Nationalgeographic.co.id—Tim ilmuwan Ohio State University mengumpulkan 49 kelelawar pemakan katak dengan serangkaian suara yang menarik perhatian mereka. Suara tersebut adalah suara panggilan kawin dari spesies katak túngara jantan (Engystomops pustulosus) yang merupakan mangsa yang disukai kelelawar tersebut.
Para ilmuwan melatih kelelawar ini untuk terbang menuju salah satu sumber suara yang kemudian diganti dengan nada dering. Setelah dilatih, kelelawar ini kemudian dilepaskan dan dipasangi micro chip agar dapat dilacak.

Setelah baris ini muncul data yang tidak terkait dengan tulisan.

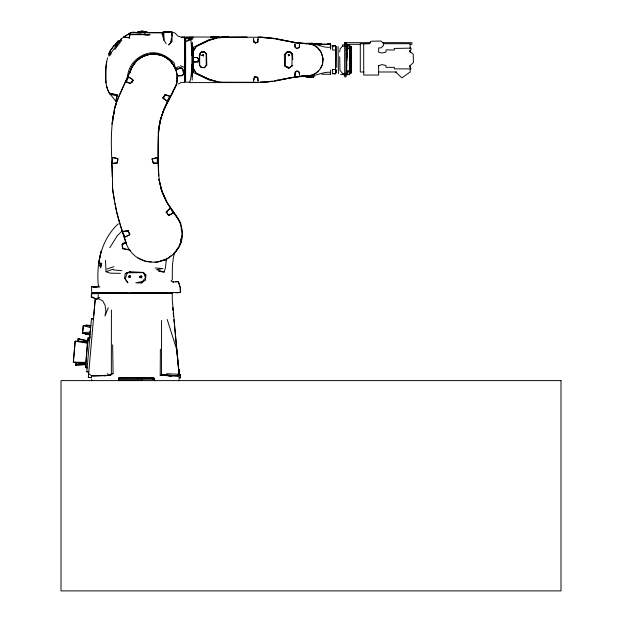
<?xml version="1.0" encoding="UTF-8"?>
<svg xmlns="http://www.w3.org/2000/svg" width="622" height="622" viewBox="0 0 622 622"><rect width="100%" height="100%" fill="white"/><g stroke="black" fill="none" stroke-linecap="round" stroke-linejoin="round"><path stroke-width="0.93" d="M109.348 93.152C103.695 82.469 105.204 69.306 107.528 57.838M111.416 309.981L111.338 374.11L109.581 375.245L91.628 375.742L88.651 373.76L88.324 377.336L91.457 377.671L88.324 377.344M157.319 163.189L157.319 157.638L152.234 158.843L153.074 162.801L153.665 163.306L157.319 163.189L153.074 162.801M184.952 48.99L184.944 81.288L184.882 37.219L181.352 37.18L177.915 36.138L175.077 33.121L171.353 31.808L163.874 31.808L163.951 40.205L166.167 43.664M185.62 40.71L185.62 37.258L188.987 37.203L185.62 37.258L185.62 82.19L190.34 82.275M192.151 43.478L192.136 76.327M192.128 72.86L192.128 70.333M192.229 49.379L192.229 46.774M330.624 48.291L330.624 43.898L330.624 44.372L318.036 44.356L320.392 44.862M330.624 45.072L330.624 49.402M332.622 70.076L332.622 69.485L335.476 69.485M332.622 73.59L335.476 73.769L335.476 45.795L332.622 45.756L332.622 46.479M344.681 44.317L344.681 42.669L370.611 42.669M346.011 44.317L346.011 42.669L346.011 76.887L344.681 76.887L344.681 42.669M346.765 53.267L346.773 44.893L349.478 44.893L349.478 52.326M346.804 53.453L346.415 73.38L342.481 73.474L339.946 70.294L339.705 56.726M346.773 60.894L346.796 49.371M346.773 48.866L349.478 48.485L349.478 44.893L347.675 44.877L347.675 47.49L347.675 48.454L349.478 48.485L349.478 67.23M347.675 72.074L347.675 71.141L349.478 71.048L349.471 54.137M349.478 71.079L349.478 74.671L347.675 74.671L347.675 71.118L349.478 71.079L349.478 73.388L349.478 68.148M351.282 64.54L351.282 54.985L351.274 60.474M351.282 57.613L351.282 57.069L351.274 64.532L351.282 63.25M351.282 53.904L351.282 50.079L351.049 73.326L351.274 68.653M351.282 66.002L351.282 68.98L351.282 63.957L351.29 68.062M351.282 55.692C351.282 51.727 351.282 56.579 351.282 55.016M350.17 48.648L350.163 46.619L350.738 46.168L351.282 46.44L351.267 55.257M91.722 380.835L91.722 379.241M111.89 124.159L114.596 107.839L118.973 95.874L132.781 65.45L138.068 59.191L145.105 55.272L152.888 53.725L163.228 55.685C173.95 61.135 179.758 73.583 176.306 85.214C168.204 101.394 157.84 117.62 158.307 136.412C158.96 157.257 155.337 179.517 165.149 198.877C171.198 211.161 183.171 220.631 182.44 235.419C179.766 265.011 139.662 272.452 126.935 245.41C120.248 226.556 114.596 207.188 112.481 187.238C112.839 162.365 108.811 136.762 114.059 112.318M142.516 380.33L142.516 379.249L142.524 380.33L118.53 380.33M179.152 374.25L180.434 374.763L180.427 377.873L179.089 377.881L179.089 374.009L180.403 374.864L180.434 377.849L179.089 377.873M178.149 84.071L181.033 82.477L184.617 82.361L184.866 81.902L184.874 37.164L181.352 37.18M192.159 38.976L192.159 37.662M192.214 72.541L192.229 66.904M193.131 60.35L193.108 67.922L195.938 73.178L209.147 79.313L216.036 81.466L209.233 80.044L191.49 71.67L190.767 78.325L189.523 82.586L258.044 82.594M193.139 58.452L193.154 50.88L196.739 45.958L209.124 40.267L216.363 38.02L209.171 39.583L192.812 47.583L191.475 47.56L190.868 39.077L193.528 37.553L192.773 37.133L188.412 37.647L188.528 39.062L190.324 39.038M198.053 61.788L197.376 61.951L198.768 58.779L198.053 61.788L193.123 62.029L193.131 57.535L197.376 57.558L198.768 58.779L199.709 65.644L202.166 67.658L204.654 67.331L206.263 65.248L206.115 53.554L203.596 51.883L200.813 52.536L199.67 54.752L199.709 65.644M335.491 54.495L335.491 45.911L335.522 46.72M347.675 74.663L346.773 74.671L346.407 45.476L346.703 60.878M346.773 50.677L346.773 48.951M347.216 54.946L347.216 57.426L347.224 56.05M347.224 54.759L347.224 53.857M351.29 65.582L351.29 67.961L351.282 60.777M351.282 54.487L351.282 53.842M98.47 286.128L98.354 285.933C96.099 263.681 101.215 239.377 118.32 223.803M161.557 320.462L161.526 374.576L160.212 375.369L160.375 349.261M191.918 50.677L192.151 55.179L192.175 46.751M349.478 47.233L349.471 48.493L347.675 48.415M349.478 46.44L349.478 45.289L349.471 47.451M350.147 59.417L350.108 71.064L350.147 70.597M351.274 52.629L351.127 47.832M351.282 62.527L351.282 59.176M201.637 51.898L199.437 54.067L199.374 65.139L200.937 67.207L204.42 67.728L206.761 65.201L206.566 53.671L204.14 51.743L201.637 51.898L200.813 52.536M351.282 53.173L351.282 61.671M192.781 72.261L192.851 64.517M192.944 54.829L193.014 47.085M339.736 51.976L340.125 48.835L342.543 46.152L342.559 44.901L346.407 44.893L346.415 51.004M105.997 82.92L105.989 66.515L106.556 61.656M347.675 48.454L347.675 44.877M193.388 62.13L193.31 68.474L196.295 73.124L208.409 78.963L215.523 81.163L221.86 82.174L263.153 82.306C276.945 81.684 290.14 76.988 303.878 75.938M171.944 41.161L168.787 44.885L171.944 41.161L172.17 32.258L171.633 32.484L172.006 36.216M192.532 47.365L192.377 55.498M192.315 72.595L192.4 64.517M89.879 336.152L89.77 338.073L88.137 337.878L85.712 365.464L87.173 367.789L85.533 367.602L85.494 363.481L76.156 362.665L75.557 365.324L77.019 364.686L85.719 364.593L87.399 341.991L78.045 341.175L78.1 338.586L80.759 339.783L87.912 340.747L88.137 337.87L89.778 337.987L87.43 340.778L87.368 342.186M172.162 32.655L172.17 32.258M292.495 54.091L290.42 52.302L287.589 52.061L285.576 54.114L285.319 66.22L288.779 68.249L292.729 65.442L288.779 68.249L284.573 65.846L284.347 54.604L286.447 52.264L289.642 51.572L292.495 54.091L292.721 59.572L292.146 54.938L290.42 52.302L289.642 51.572L286.447 52.264M346.695 50.67L346.742 48.765L346.501 51.004M346.664 62.729L346.586 66.445L346.415 52.886M292.146 54.938L291.905 65.31L289.642 67.642L284.573 65.846M178.926 380.788L179.019 379.202M141.007 293.522L91.418 293.53L91.278 297.036L96.581 299.198L98.089 297.985L98.229 293.514L100.616 293.514M171.462 37.911L170.661 42.56M86.823 371.777L88.798 371.925L86.823 371.754L91.457 318.759L93.44 318.93L91.457 318.759M184.882 37.219L184.944 45.111M257.974 41.798L258.099 38.533L257.143 42.623L253.908 42.055L253.481 38.533L253.908 42.055L255.572 43.081L257.974 41.798L257.143 42.623M346.804 46.549L346.796 46.222C349.09 45.445 345.708 49.402 346.749 46.145L347.698 46.16L347.698 47.567L346.423 47.785L346.415 58.756M78.108 340.312L78.1 338.586L87.492 340.77L87.344 341.976L75.169 341.237L73.342 362.144L85.704 363.536L85.533 367.602L87.173 367.789M299.314 47.521L299.446 44.38L299.314 47.521L296.678 48.718L294.952 47.054L294.945 43.734L295.069 46.984L296.857 48.516L299.182 47.326M87.927 340.327L87.749 342.668M143.099 272.397L145.789 274.955L145.455 277.886L142.384 281.533L135.79 282.847L141.544 282.956L145.525 279.939L145.789 274.955L143.099 272.397L130.185 271.752L125.224 273.61L124.649 278.166L127.821 282.738L124.649 278.166M336.533 69.633L336.51 72.968M346.773 74.29L346.812 73.637M90.19 332.062L89.164 334.123L82.617 333.19L82.648 332.754L90.19 332.062L90.548 327.693L90.011 325.866L83.27 325.601L82.819 330.865M346.415 60.482L346.641 48.438M176.819 80.774L176.57 84.584L173.227 90.423M176.943 78.87C178.281 68.42 170.615 59.199 161.51 55.055C148.433 50.926 133.862 58.522 130.029 71.732M162.404 32.709L147.624 32.709L146.535 31.808L147.266 32.702L162.404 32.709L162.163 34.257L163.951 40.205L163.197 33.681L162.163 34.257M82.617 333.19L83.27 325.601M85.618 367.625L85.867 364.749M93.735 315.525L95.205 299.291L88.635 373.962M116.882 42.623L119.004 41.892L118.196 40.819L115.194 45.041L116.104 45.896L121.344 38.766L130.511 32.733L137.75 32.717L137.812 32.072L141.746 31.116L146.364 31.916L147.266 32.702M85.494 363.481L85.362 364.686L85.704 363.536M166.976 258.457L166.307 259.957L165.452 267.818L164.068 272.078L158.633 271.324M346.415 54.021L346.796 48.695M117.239 162.847L117.737 158.478L112.947 157.483L111.812 163.555L117.239 162.847L111.812 163.555M178.576 75.643L178.841 76.047L182.285 75.682L184.921 73.093L181.958 75.301L178.576 75.643L177.301 76.801L176.539 83.364L174.774 88.332L172.403 92.079M184.874 63.646L184.439 67.409L180.427 65.73M101.619 265.151L100.033 263.114L101.199 263.666L100.733 268.004L99.722 265.641L100.033 263.114L101.837 263.705M143.643 31.808L138.512 31.792L137.695 32.678L137.812 32.072L142.422 31.1L146.364 31.916L143.511 31.971M114.378 46.02L116.065 43.734L117.037 44.613L117.426 41.892L118.196 40.819L118.732 42.296M118.421 380.602L118.81 377.912L143.643 377.772M181.515 237.254L180.707 242.844L179.323 245.27M181.927 234.463L182.332 231.672M306.529 43.828C318.985 42.677 327.553 58.717 320.26 68.785M346.423 47.785L346.407 45.476M158.299 133.022L160.32 119.968L164.706 107.264M141.668 275.997L142.127 276.961L140.129 277.42L139.592 276.868L141.668 275.997L141.35 278.011L139.592 276.868L140.564 275.95M254.53 76.794L253.504 81.031L254.53 76.794L257.765 77.322L258.091 81.062L257.625 77.447M91.302 377.702L91.628 375.742L93.766 376.147L110.234 375.424L113.072 373.495L112.636 344.829M109.418 93.214L115.855 101.324L117.239 94.941L109.386 93.183L107.614 89.801L106.339 85.471M158.268 131.817L158.579 129.998M158.898 128.179L160.305 119.992L163.726 109.993L172.947 92.033M118.437 380.827L118.81 377.912L153.813 377.951L154.653 380.757M180.66 243.513L182.083 235.427M127.533 78.092C127.541 65.504 137.687 55.078 149.816 52.994C159.201 51.54 167.582 56.501 174.09 62.806L175.396 68.583L177.114 69.174L180.784 67.969L182.65 69.252L183.537 73.862M112.349 121.85L115.513 104.271M129.36 37.919C128.575 25.168 144.382 38.059 150.127 34.653L130.076 34.614L129.36 37.919L123.786 36.869L130.441 32.787M117.239 94.941L115.855 101.324M203.044 55.241L202.22 55.459L203.433 55.941L203.192 54.534L202.22 55.459L199.67 54.752M115.762 104.978L116.609 101.308M114.09 112.574L112.566 119.129L112.916 120.963M115.179 107.894L116.485 102.272L130.309 70.9L130.084 72.657L131.094 68.661L135.013 62.317L139.312 58.507M112.271 161.681L111.843 163.477L112.255 176.718M174.79 252.073L173.351 257.656L172.38 265.843L172.278 279.776L171.058 281.004L173.118 282.131L178.491 281.603L180.31 287.908L180.38 292.612L180.294 287.761L178.327 281.735M179.727 243.964L178.732 247.525L174.074 253.364M180.722 240.395L181.469 237.721M181.966 235.94L182.456 234.16L181.305 228.795M117.115 162.746L117.962 159.737M131.763 82.493L132.68 79.274M125.403 278.796L127.137 272.786L143.596 272.615L145.455 277.886L145.525 279.939M131.079 69.998L131.88 67.316L136.374 61.104L141.427 57.17M76.094 363.629L75.557 365.324L85.719 364.593L85.276 363.458M351.049 47.163L351.282 46.44M163.485 98.766L164.776 94.886L169.72 96.223L167.147 101.137L162.785 97.981L164.776 94.886M158.82 175.894C157.918 150.127 155.111 122.907 168.476 99.621M126.18 242.596L122.931 244.143L122.161 246.258L123.296 248.559L129.85 249.857M108.282 307.719L104.97 315.968L105.849 310.767L105.118 305.301L102.661 300.737L98.766 298.871L96.581 299.198M306.498 43.765L306.343 43.346L307.245 43.765M116.353 46.479L117.418 44.108L115.987 46.082M128.614 77.004L133.201 80.23L130.325 83.729L126.352 82.026L128.614 77.004L131.864 78.823M140.129 277.42L140.743 276.129M109.682 54.728L108.71 53.865L109.962 52.077M196.739 45.958L195.759 46.79L193.271 51.859L193.341 57.457M167.567 102.163L172.893 91.838M346.415 71.717L346.773 71.025M166.906 103.143L172.185 93.253M131.95 82.532L133.201 80.23M184.617 82.361L184.874 37.164M177.946 247.688L175.194 252.54L172.947 254.281M204.42 67.728L204.654 67.331M128.459 276.86L130.006 275.53L130.387 277.715L128.459 276.86L130.006 275.53M313.574 77.128L314.39 76.133L309.616 76.522L305.153 76.125L306.615 77.416L313.574 77.128L312.959 76.638M141.544 282.956L142.384 281.533M78.045 341.175L79.251 339.138M169.114 215.461L166.113 212.125L170.49 207.927L173.033 213.097L169.114 215.461L168.251 215.313L173.033 213.097M177.114 69.174L180.784 67.969M109.799 247.758L117.247 235.8L122.441 230.622M108.85 53.749L110.242 51.75L108.85 53.749L109.814 54.542L110.809 53.181M316.575 44.216L321.628 44.045L314.646 43.618L316.668 44.131L314.716 44.216M115.288 44.893L116.065 43.742L117.037 44.613M173.118 282.131L173.694 281.307M246.724 37.095L222.202 37.258L223.974 37.164M347.698 46.16L346.781 47.427L347.698 47.567L347.682 46.292L346.749 46.145L346.773 47.653M114.72 45.585L117.426 41.892L119.004 41.892M115.964 46.16L108.757 56.081L110.366 54.386M119.105 41.822L121.344 38.766M114.79 49.558L121.764 40.236M140.969 31.815L138.582 31.823L137.524 32.702L138.512 31.792M144.351 31.8L145.462 33.347L142.337 34.599L130.076 34.614L130.511 32.733L137.726 32.671L138.426 31.808L146.629 31.87M288.942 55.607L289.432 55.016L288.281 54.65L288.398 55.91L289.432 55.016L288.281 54.65M109.83 52.365L108.71 53.865L110.078 53.453M318.394 70.846C315.16 74.648 309.873 76.133 305.021 75.962M166.113 212.125L170.49 207.927M109.456 55.506L111.159 53.974M173.655 253.644L174.984 252.454M222.202 37.258L228.779 37.102L189.749 36.986L191.226 39.023M296.795 71.126L295.069 72.626L294.921 76.288L295.193 71.973L297.526 71.095L299.345 72.276L299.493 75.215L299.089 72.028L296.795 71.126L297.526 71.095M125.784 241.437L122.091 244.345L122.674 248.707L130.27 250.223M171.447 255.44L166.96 258.923L156.915 262.352L155.026 262.173M91.278 297.036L91.823 296.671M190.76 38.276L185.62 41.705L192.229 39.17L192.229 37.538M98.354 285.933L99.885 287.045L91.465 286.765L91.753 292.612L100.725 292.604M122.145 231.532L128.342 230.778L122.145 231.532L125.193 236.998L129.695 234.673L128.614 231.555M163.05 32.064L171.353 31.808M125.193 236.998L129.905 234.603L127.759 230.63M140.036 57.869L145.828 55.047L151.371 53.959M195.759 46.79L209.435 40.212L217.07 38.051L225.452 37.25L261.162 37.242L273.804 38.362L294.649 42.506L309.033 43.688L313.161 44.846L317.43 47.427L321.232 52.186L322.981 58.196L322.468 64.486L319.568 69.874L316.287 72.953L313.006 74.78L309.134 75.868L294.704 77.058M125.924 242.526L122.091 244.345L122.931 244.143M302.976 75.589L304.788 76.172L305.589 75.798M169.985 292.612L106.362 292.612M161.502 373.682L162.428 375.043L164.558 374.872L167.232 373.729L177.387 374.234L179.206 375.447L178.903 375.937L175.777 375.929L160.212 375.369M142.228 56.843L148.736 54.643M284.347 54.604L285.576 54.114M190.573 37.647L191.397 37.328M125.224 273.61L130.185 271.752M105.499 260.393L106.028 271.713L113.383 269.147M106.922 269.085L113.88 266.675M111.307 52.497L109.177 53.235L109.814 54.542M318.791 44.216L321.512 44.216M98.089 297.985L99.917 297.394M306.343 43.346L312.182 43.159L313.231 43.765M157.319 157.638L151.885 159.069L153.665 163.306M168.857 375.999L179.206 375.447L179.035 369.445L179.206 375.447L176.772 349.665L167.178 319.436M203.596 51.883L204.14 51.743M122.674 248.707L123.296 248.559M274.193 81.148L292.775 77.416L304.733 76.024M185.62 38.595L188.45 38.035M272.078 81.101L267.374 81.933L260.641 81.972M276.782 80.261L278.664 79.927M280.545 79.593L292.775 77.416M165.662 32.041L169.993 31.815L164.721 31.808L167.481 31.808M113.072 373.495L111.439 373.76L110.234 375.424L107.318 373.768M161.044 260.548L162.878 260.299M150.454 54.417L153.898 53.974L160.538 55.101M217.195 37.281L219.115 37.258L210.555 37.172L223.181 37.141M206.263 65.248L206.761 65.201M295.963 76.817L303.746 76.109L301.981 75.456M163.796 260.175L166.307 259.957M309.103 43.859C316.458 43.073 323.129 48.345 330.624 47.194M100.297 292.604L105.188 292.573M320.33 44.115L321.628 44.045L317.92 44.216M175.824 281.735L178.491 281.603M260.245 82.423L265.578 82.197M91.45 293.794L98.229 293.514M152.304 379.249L154.847 379.171M178.739 369.468L172.286 299.905L172.255 293.514L169.441 293.514M312.399 76.903L307.214 76.903M137.812 32.072L141.614 32.002M193.123 62.029L196.529 61.967M304.391 43.672L306.996 43.633M193.131 57.535L197.376 57.558M169.993 31.815L163.197 31.808L164.752 32.025M328.548 44.123L329.271 44.1L327.413 44.092L329.279 44.108L327.405 44.092L328.027 44.123M127.145 292.558L97.872 292.604M141.015 31.8L138.582 31.823M228.344 37.343L247.486 37.297M258.021 37.266L271.161 38.199M100.997 293.506L172.255 293.514M143.355 31.808L146.629 31.808L147.258 32.655L146.644 31.815L143.534 31.8M382.911 42.669L411.912 42.669L411.912 44.317L409.976 44.317M369.88 43.703L360.293 43.703L360.293 71.989L364.127 71.989M383.3 43.703L410.147 43.703L410.147 48.415M315.292 44.216L330.616 44.209M345.638 44.317L360.682 44.317M344.681 44.823L346.011 44.823M335.476 45.795L332.622 45.795L332.622 50.079L335.476 50.079M332.132 45.795L333.991 45.795M378.44 71.989L396.727 71.989M321.854 74.259L330.624 74.259L330.624 73.59M344.681 74.803L346.011 74.803M132.144 292.62L180.38 292.612M169.409 292.612L173.313 292.612M149.809 293.514L169.697 293.514M118.545 379.249L154.248 379.241L154.637 380.734L154.233 378.961M318.62 44.216L319.257 44.216M346.711 70.177L346.765 73.925L346.773 72.035L347.682 71.895L347.698 73.186L346.781 73.482L346.415 70.061L346.415 74.671L340.592 74.547M142.974 31.831L144.833 31.839L144.024 31.808M347.675 73.342L346.773 73.342L346.804 72.704M342.543 46.152L346.407 46.176M140.323 31.815L141.124 31.823M141.466 32.01L144.18 31.854L141.855 31.808M346.415 74.671L342.512 74.617L342.481 73.474M149.194 377.873L153.813 377.951L154.575 380.61M85.642 362.401L73.342 362.144L75.169 341.237L87.251 343.142M265.065 37.398L258.379 37.242L259.918 37.755M301.18 43.423L306.553 43.61M136.249 377.632L154.139 378.316M260.066 37.133L275.01 38.541L297.666 43.011M91.465 286.765L97.421 287.022M177.387 374.234L177.892 375.781L162.428 375.043L164.27 375.369M120.435 273.361L110.319 273.167L106.028 271.713M167.217 375.641L171.524 375.882L161.526 374.576L164.636 375.494M164.558 374.872L177.892 375.781M75.169 341.322L77.983 341.525M155.282 267.996L162.886 268.533L156.651 269.653L164.068 272.078M79.041 362.991L80.821 363.124M307.214 75.542C315.276 77.198 322.491 71.242 330.624 72.362L330.624 70.162M151.247 261.823L145.579 261.302L137.89 257.928M113.585 269.917L121.92 270.694M254.18 76.957L257.765 77.322M294.603 42.467L304.485 43.517M188.248 38.774L190.868 39.077M123.817 36.83L129.384 37.818M273.042 38.541L274.924 38.883M276.806 39.233L298.451 43.198M78.24 363.147L80.106 363.512M83.853 364.228L85.719 364.593M117.06 95.788L110.218 94.404L109.386 93.183L117.185 95.057M126.352 82.026L130.667 83.084M156.138 53.959L162.319 55.521L167.528 58.53M206.115 53.554L206.566 53.671M112.947 157.483L118.172 158.983M99.722 265.641L101.199 266.076M83.519 325.633L90.548 327.693M200.937 67.207L202.166 67.658M169.72 96.223L165.716 94.528L162.785 97.981L167.147 101.137M130.185 276.518L128.956 275.989L129.275 277.404M161.401 55.475L164.838 56.975L169.091 59.93M141.746 31.116L144.086 32.173M304.788 76.172L306.141 76.809L305.309 76.063M92.585 297.091L96.379 299.198M336.393 46.323L336.704 67.549M253.512 41.41L255.572 43.081M395.631 71.989L401.882 77.906L410.147 71.989L410.147 69.159M171.019 62.076L172.939 64.214L175.396 68.583M197.073 57.566L198.83 59.533M315.035 43.765L315.377 44.216M351.282 46.891L350.738 46.168L350.17 46.627L350.186 73.303L350.186 70.97M171.198 61.726L175.505 68.35L178.405 66.678L181.966 68.086L183.023 69.322L183.925 73.723M167.753 203.93L180.668 222.987L181.538 230.638M346.407 50.226L346.765 50.779M162.047 191.825L167.349 203.06M166.486 211.511L167.893 214.551M338.391 73.653L338.088 46.479M160.841 188.482L166.688 202.103M76.156 362.665L77.019 364.686M322.367 57.986L322.989 59.658M177.301 76.801L177.527 77.462M118.211 218.392L126.725 244.734M119.704 222.777L116.726 212.833L115.039 203.301M90.011 325.866L90.633 328.004M189.749 36.986L189.967 37.732M158.983 179.626L162.225 191.833L166.82 202.274L179.571 220.756L179.96 222.536M176.337 349.09L176.803 350.932M158.905 179.144L161.634 190.962M114.705 201.396L112.675 189.959L112.465 183.334M203.192 54.534L203.433 55.941M89.164 334.123L89.77 338.073M91.418 293.53L91.722 295.885M173.204 312.928L173.569 316.715M173.857 319.568L174.222 323.362M174.51 326.216L178.623 369.833M191.848 53.267L192.019 55.164M178.794 371.723L179.043 374.561M188.412 37.647L188.528 39.062M350.139 48.757L350.147 56.439M192.167 52.326L192.229 54.884M192.081 64.004L192.229 70.69M347.216 50.11L347.208 49.604L347.208 50.46M116.065 43.734L116.104 45.896M346.4 48.982L346.407 50.545M192.206 72.688L192.198 64.672M351.282 55.397L351.282 59.961M351.282 65.162L351.282 65.815M349.478 72.323L349.478 74.671M347.216 52.1L347.224 55.529M346.765 48.765L346.773 50.538M346.407 48.602L346.773 57.589M335.491 58.857L335.499 73.761L332.622 73.769L332.622 69.485M330.624 45.631L330.624 46.479M330.624 74.259L330.624 72.284M193.061 47.031L193.061 54.689M193.069 64.26L193.069 72.875M410.147 50.304L410.147 52.186M410.147 65.388L410.147 67.269M192.229 42.148L192.229 80.114M378.619 65.815L378.611 75.021L363.707 75.052L363.707 43.75L369.546 43.556L370.844 41.254L380.711 41.021L383.323 42.895L383.315 45.888L380.765 47.894L378.635 47.894L378.635 52.194L382.048 53.026L385.85 52.178L386.176 49.853L394.255 50.024L394.301 48.438L411.025 48.127L411.064 49.527L409.463 51.152L413.257 54.262L413.412 62.495L409.525 66.22L411.002 68.871L394.356 68.902L394.356 67.324L386.075 67.339L385.959 65.434L381.76 64.602L378.619 65.815M192.493 55.14L192.82 72.028L192.812 47.583L192.493 55.14M346.773 45.297L346.765 46.386L346.773 45.297M347.682 71.895L347.698 73.186L346.773 72.035L347.675 72.743L346.781 73.482L346.749 72.463L347.682 71.895M349.478 73.116L349.478 74.267L349.478 73.116M100.453 254.048L98.696 263.137L101.129 251.327L100.453 254.048M114.3 45.196L109.519 51.758L114.3 45.196M106.035 375.47L104.395 375.742L107.583 375.455L106.035 375.47M96.013 286.726L93.308 286.742L96.013 286.726M96.752 293.506L92.709 293.46L96.752 293.506M94.933 292.612L93.269 292.62L96.223 292.612L94.933 292.612M175.629 292.612L177.931 292.628L175.629 292.612M560.99 380.61L61.01 380.61L61.01 590.9L560.99 590.9L560.99 380.61M90.866 325.578L85.937 325.166L90.866 325.578M90.089 334.395L85.144 333.96L90.089 334.395M172.924 310.075L172.636 307.221L172.916 310.067"/></g></svg>

Selanjutnya, antara satu dan empat tahun kemudian, 8 dari kelelawar itu ditangkap kembali dan diekspos lagi ke suara yang berhubungan dengan makanan. Semua dari mereka terbang ke arah suara, dan 6 terbang ke speaker dan mengambil hadiah makanan, yang berarti mereka berharap untuk menemukan makanan.
May Dixon, seorang postdoctoral dan peneliti di Ohio State University mengaku terkejut dengan hasil tersebut dan tidak mengira kelelawar masih mengingat suara yang didengarnya 1 tahun yang lalu.
"Saya terkejut! Saya berpikir bahwa setidaknya satu tahun akan menjadi waktu yang masuk akal bagi mereka untuk mengingat, mengingat semua hal lain yang perlu mereka ketahui dan mengingat bahwa memori jangka panjang memang memiliki biaya yang nyata," kata Dixon.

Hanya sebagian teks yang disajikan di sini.